╔══
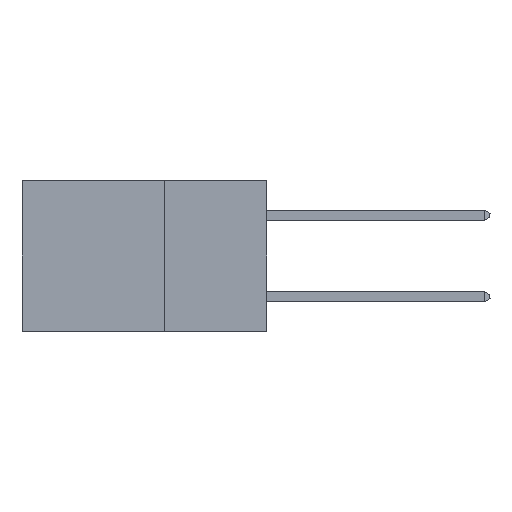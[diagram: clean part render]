
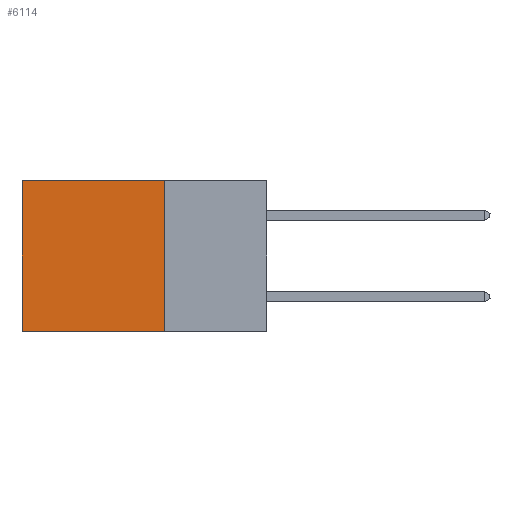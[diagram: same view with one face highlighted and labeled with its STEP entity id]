
A CAD part, left-side view. The second image highlights one B-rep face of the part: STEP entity #6114.
In plain terms, the highlighted planar face has unit normal (-1, 0, 0).
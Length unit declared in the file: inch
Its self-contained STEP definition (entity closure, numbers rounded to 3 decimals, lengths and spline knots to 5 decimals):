
#2506 = LINE ( 'NONE', #40065, #34780 ) ;
#4481 = CARTESIAN_POINT ( 'NONE',  ( 0.2875, 0.25, 0. ) ) ;
#5450 = LINE ( 'NONE', #25805, #29154 ) ;
#6114 = ADVANCED_FACE ( 'NONE', ( #26303 ), #25064, .F. ) ;
#7297 = VERTEX_POINT ( 'NONE', #38250 ) ;
#7513 = EDGE_CURVE ( 'NONE', #43211, #7297, #2506, .T. ) ;
#8393 = DIRECTION ( 'NONE',  ( 0., 1., 0. ) ) ;
#8851 = VECTOR ( 'NONE', #42351, 39.37008 ) ;
#11328 = CARTESIAN_POINT ( 'NONE',  ( 0.2875, 0.25, 0. ) ) ;
#12173 = ORIENTED_EDGE ( 'NONE', *, *, #7513, .T. ) ;
#12715 = EDGE_CURVE ( 'NONE', #31284, #33367, #21762, .T. ) ;
#15433 = AXIS2_PLACEMENT_3D ( 'NONE', #4481, #28374, #24918 ) ;
#21306 = DIRECTION ( 'NONE',  ( 0., 1., 0. ) ) ;
#21762 = LINE ( 'NONE', #38888, #8851 ) ;
#22045 = VECTOR ( 'NONE', #21306, 39.37008 ) ;
#23529 = EDGE_CURVE ( 'NONE', #33367, #7297, #24148, .T. ) ;
#24148 = LINE ( 'NONE', #38464, #22045 ) ;
#24918 = DIRECTION ( 'NONE',  ( 0., 0., -1. ) ) ;
#25064 = PLANE ( 'NONE',  #15433 ) ;
#25220 = CARTESIAN_POINT ( 'NONE',  ( 0.2875, 0.6, 0. ) ) ;
#25805 = CARTESIAN_POINT ( 'NONE',  ( 0.2875, 0.25, 0. ) ) ;
#26303 = FACE_OUTER_BOUND ( 'NONE', #29352, .T. ) ;
#28374 = DIRECTION ( 'NONE',  ( 1., 0., 0. ) ) ;
#29154 = VECTOR ( 'NONE', #8393, 39.37008 ) ;
#29264 = ORIENTED_EDGE ( 'NONE', *, *, #23529, .F. ) ;
#29352 = EDGE_LOOP ( 'NONE', ( #12173, #29264, #43797, #33309 ) ) ;
#29470 = DIRECTION ( 'NONE',  ( 0., 0., -1. ) ) ;
#31284 = VERTEX_POINT ( 'NONE', #11328 ) ;
#33309 = ORIENTED_EDGE ( 'NONE', *, *, #43383, .T. ) ;
#33367 = VERTEX_POINT ( 'NONE', #39322 ) ;
#34780 = VECTOR ( 'NONE', #29470, 39.37008 ) ;
#38250 = CARTESIAN_POINT ( 'NONE',  ( 0.2875, 0.6, -0.37 ) ) ;
#38464 = CARTESIAN_POINT ( 'NONE',  ( 0.2875, 0.25, -0.37 ) ) ;
#38888 = CARTESIAN_POINT ( 'NONE',  ( 0.2875, 0.25, 0. ) ) ;
#39322 = CARTESIAN_POINT ( 'NONE',  ( 0.2875, 0.25, -0.37 ) ) ;
#40065 = CARTESIAN_POINT ( 'NONE',  ( 0.2875, 0.6, 0. ) ) ;
#42351 = DIRECTION ( 'NONE',  ( 0., 0., -1. ) ) ;
#43211 = VERTEX_POINT ( 'NONE', #25220 ) ;
#43383 = EDGE_CURVE ( 'NONE', #31284, #43211, #5450, .T. ) ;
#43797 = ORIENTED_EDGE ( 'NONE', *, *, #12715, .F. ) ;
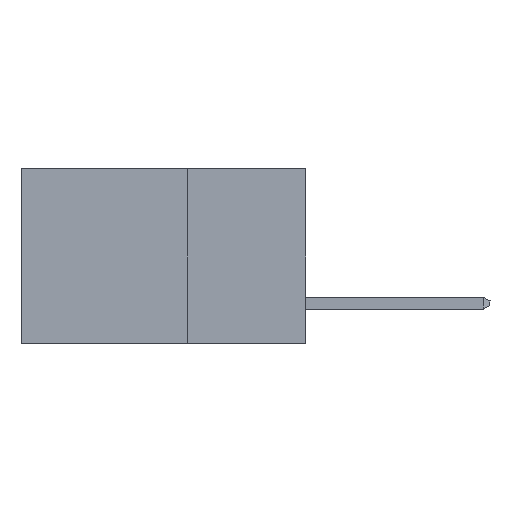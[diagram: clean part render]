
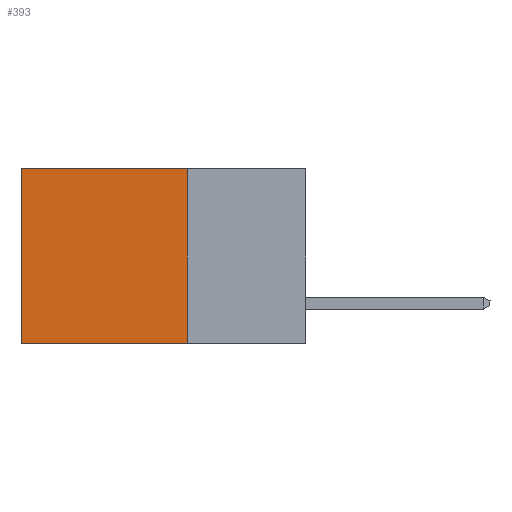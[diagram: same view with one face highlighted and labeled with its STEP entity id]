
A CAD part, left-side view. The second image highlights one B-rep face of the part: STEP entity #393.
In plain terms, the highlighted planar face has unit normal (-1, 0, 0).
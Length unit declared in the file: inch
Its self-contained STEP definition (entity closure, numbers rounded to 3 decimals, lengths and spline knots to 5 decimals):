
#38 = CARTESIAN_POINT ( 'NONE',  ( 0.2615, 0.6, 0. ) ) ;
#242 = LINE ( 'NONE', #10343, #3939 ) ;
#393 = ADVANCED_FACE ( 'NONE', ( #3255 ), #6086, .F. ) ;
#632 = LINE ( 'NONE', #9586, #8550 ) ;
#1250 = VECTOR ( 'NONE', #8323, 39.37008 ) ;
#1529 = VERTEX_POINT ( 'NONE', #7364 ) ;
#1603 = VERTEX_POINT ( 'NONE', #7668 ) ;
#1951 = ORIENTED_EDGE ( 'NONE', *, *, #4378, .F. ) ;
#2213 = DIRECTION ( 'NONE',  ( 0., 0., -1. ) ) ;
#2329 = DIRECTION ( 'NONE',  ( 0., 0., -1. ) ) ;
#2883 = ORIENTED_EDGE ( 'NONE', *, *, #6321, .T. ) ;
#2947 = VERTEX_POINT ( 'NONE', #9729 ) ;
#3240 = LINE ( 'NONE', #3480, #4917 ) ;
#3255 = FACE_OUTER_BOUND ( 'NONE', #9216, .T. ) ;
#3480 = CARTESIAN_POINT ( 'NONE',  ( 0.2615, 0.6, -0.37 ) ) ;
#3939 = VECTOR ( 'NONE', #10506, 39.37008 ) ;
#4378 = EDGE_CURVE ( 'NONE', #1603, #1529, #632, .T. ) ;
#4438 = AXIS2_PLACEMENT_3D ( 'NONE', #10621, #5005, #4895 ) ;
#4706 = LINE ( 'NONE', #10207, #1250 ) ;
#4895 = DIRECTION ( 'NONE',  ( 0., 0., -1. ) ) ;
#4917 = VECTOR ( 'NONE', #2329, 39.37008 ) ;
#5005 = DIRECTION ( 'NONE',  ( 1., 0., 0. ) ) ;
#5934 = EDGE_CURVE ( 'NONE', #1529, #2947, #4706, .T. ) ;
#6086 = PLANE ( 'NONE',  #4438 ) ;
#6321 = EDGE_CURVE ( 'NONE', #10713, #2947, #3240, .T. ) ;
#7364 = CARTESIAN_POINT ( 'NONE',  ( 0.2615, 0.25, -0.37 ) ) ;
#7668 = CARTESIAN_POINT ( 'NONE',  ( 0.2615, 0.25, 0. ) ) ;
#8323 = DIRECTION ( 'NONE',  ( 0., 1., 0. ) ) ;
#8550 = VECTOR ( 'NONE', #2213, 39.37008 ) ;
#9216 = EDGE_LOOP ( 'NONE', ( #2883, #9260, #1951, #11711 ) ) ;
#9260 = ORIENTED_EDGE ( 'NONE', *, *, #5934, .F. ) ;
#9586 = CARTESIAN_POINT ( 'NONE',  ( 0.2615, 0.25, -0.37 ) ) ;
#9729 = CARTESIAN_POINT ( 'NONE',  ( 0.2615, 0.6, -0.37 ) ) ;
#10207 = CARTESIAN_POINT ( 'NONE',  ( 0.2615, 0.25, -0.37 ) ) ;
#10343 = CARTESIAN_POINT ( 'NONE',  ( 0.2615, 0.25, 0. ) ) ;
#10506 = DIRECTION ( 'NONE',  ( 0., 1., 0. ) ) ;
#10621 = CARTESIAN_POINT ( 'NONE',  ( 0.2615, 0.25, -0.37 ) ) ;
#10713 = VERTEX_POINT ( 'NONE', #38 ) ;
#11711 = ORIENTED_EDGE ( 'NONE', *, *, #11762, .T. ) ;
#11762 = EDGE_CURVE ( 'NONE', #1603, #10713, #242, .T. ) ;
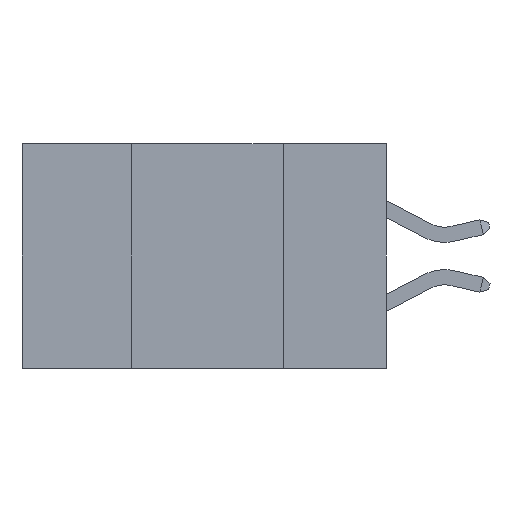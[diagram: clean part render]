
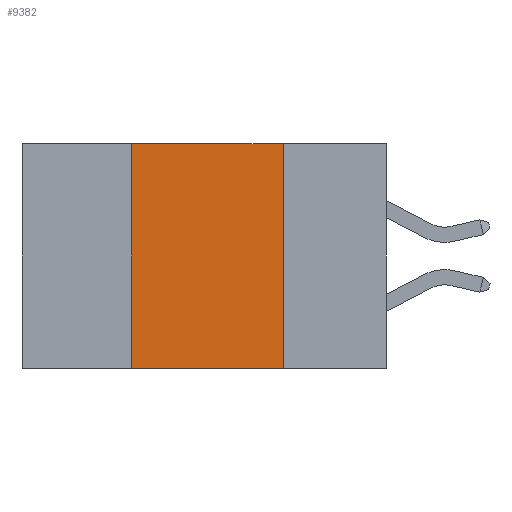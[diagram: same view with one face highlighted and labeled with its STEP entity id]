
A CAD part, left-side view. The second image highlights one B-rep face of the part: STEP entity #9382.
In plain terms, the highlighted planar face has unit normal (-1, 0, 0).
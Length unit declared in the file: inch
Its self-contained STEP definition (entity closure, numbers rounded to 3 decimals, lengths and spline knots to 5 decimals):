
#218 = LINE ( 'NONE', #8956, #9818 ) ;
#229 = DIRECTION ( 'NONE',  ( 0., 0., -1. ) ) ;
#371 = VERTEX_POINT ( 'NONE', #11697 ) ;
#547 = VERTEX_POINT ( 'NONE', #10072 ) ;
#615 = EDGE_CURVE ( 'NONE', #8107, #9745, #218, .T. ) ;
#881 = LINE ( 'NONE', #10987, #10495 ) ;
#997 = DIRECTION ( 'NONE',  ( 0., 0., -1. ) ) ;
#1003 = EDGE_LOOP ( 'NONE', ( #4645, #11445, #6479, #10141 ) ) ;
#1886 = EDGE_CURVE ( 'NONE', #8107, #371, #881, .T. ) ;
#3004 = PLANE ( 'NONE',  #4884 ) ;
#3130 = VECTOR ( 'NONE', #11261, 39.37008 ) ;
#3794 = CARTESIAN_POINT ( 'NONE',  ( 0., 0.17, -0.37 ) ) ;
#3860 = CARTESIAN_POINT ( 'NONE',  ( 0., 0.6, 0. ) ) ;
#4645 = ORIENTED_EDGE ( 'NONE', *, *, #7344, .F. ) ;
#4884 = AXIS2_PLACEMENT_3D ( 'NONE', #11321, #5843, #229 ) ;
#5628 = LINE ( 'NONE', #3860, #3130 ) ;
#5658 = EDGE_CURVE ( 'NONE', #371, #547, #5628, .T. ) ;
#5843 = DIRECTION ( 'NONE',  ( 1., 0., 0. ) ) ;
#6313 = CARTESIAN_POINT ( 'NONE',  ( 0., 0.17, -0.37 ) ) ;
#6479 = ORIENTED_EDGE ( 'NONE', *, *, #1886, .F. ) ;
#6782 = CARTESIAN_POINT ( 'NONE',  ( 0., 0.42, -0.37 ) ) ;
#7344 = EDGE_CURVE ( 'NONE', #547, #9745, #10400, .T. ) ;
#8107 = VERTEX_POINT ( 'NONE', #6782 ) ;
#8656 = FACE_OUTER_BOUND ( 'NONE', #1003, .T. ) ;
#8956 = CARTESIAN_POINT ( 'NONE',  ( 0., 0.6, -0.37 ) ) ;
#9274 = DIRECTION ( 'NONE',  ( 0., -1., 0. ) ) ;
#9382 = ADVANCED_FACE ( 'NONE', ( #8656 ), #3004, .F. ) ;
#9658 = VECTOR ( 'NONE', #997, 39.37008 ) ;
#9745 = VERTEX_POINT ( 'NONE', #6313 ) ;
#9818 = VECTOR ( 'NONE', #9274, 39.37008 ) ;
#10072 = CARTESIAN_POINT ( 'NONE',  ( 0., 0.17, 0. ) ) ;
#10141 = ORIENTED_EDGE ( 'NONE', *, *, #615, .T. ) ;
#10400 = LINE ( 'NONE', #3794, #9658 ) ;
#10495 = VECTOR ( 'NONE', #11521, 39.37008 ) ;
#10987 = CARTESIAN_POINT ( 'NONE',  ( 0., 0.42, -0.37 ) ) ;
#11261 = DIRECTION ( 'NONE',  ( 0., -1., 0. ) ) ;
#11321 = CARTESIAN_POINT ( 'NONE',  ( 0., 0.6, 0. ) ) ;
#11445 = ORIENTED_EDGE ( 'NONE', *, *, #5658, .F. ) ;
#11521 = DIRECTION ( 'NONE',  ( 0., 0., 1. ) ) ;
#11697 = CARTESIAN_POINT ( 'NONE',  ( 0., 0.42, 0. ) ) ;
╚══
- **EXERCISE DIRECTIONS**
Among the records, find each line where the word "PLANE" occurs, and copy it.

- **RESPONSE TO THE EXERCISE**
#25064 = PLANE ( 'NONE',  #15433 ) ;
#6086 = PLANE ( 'NONE',  #4438 ) ;
#3004 = PLANE ( 'NONE',  #4884 ) ;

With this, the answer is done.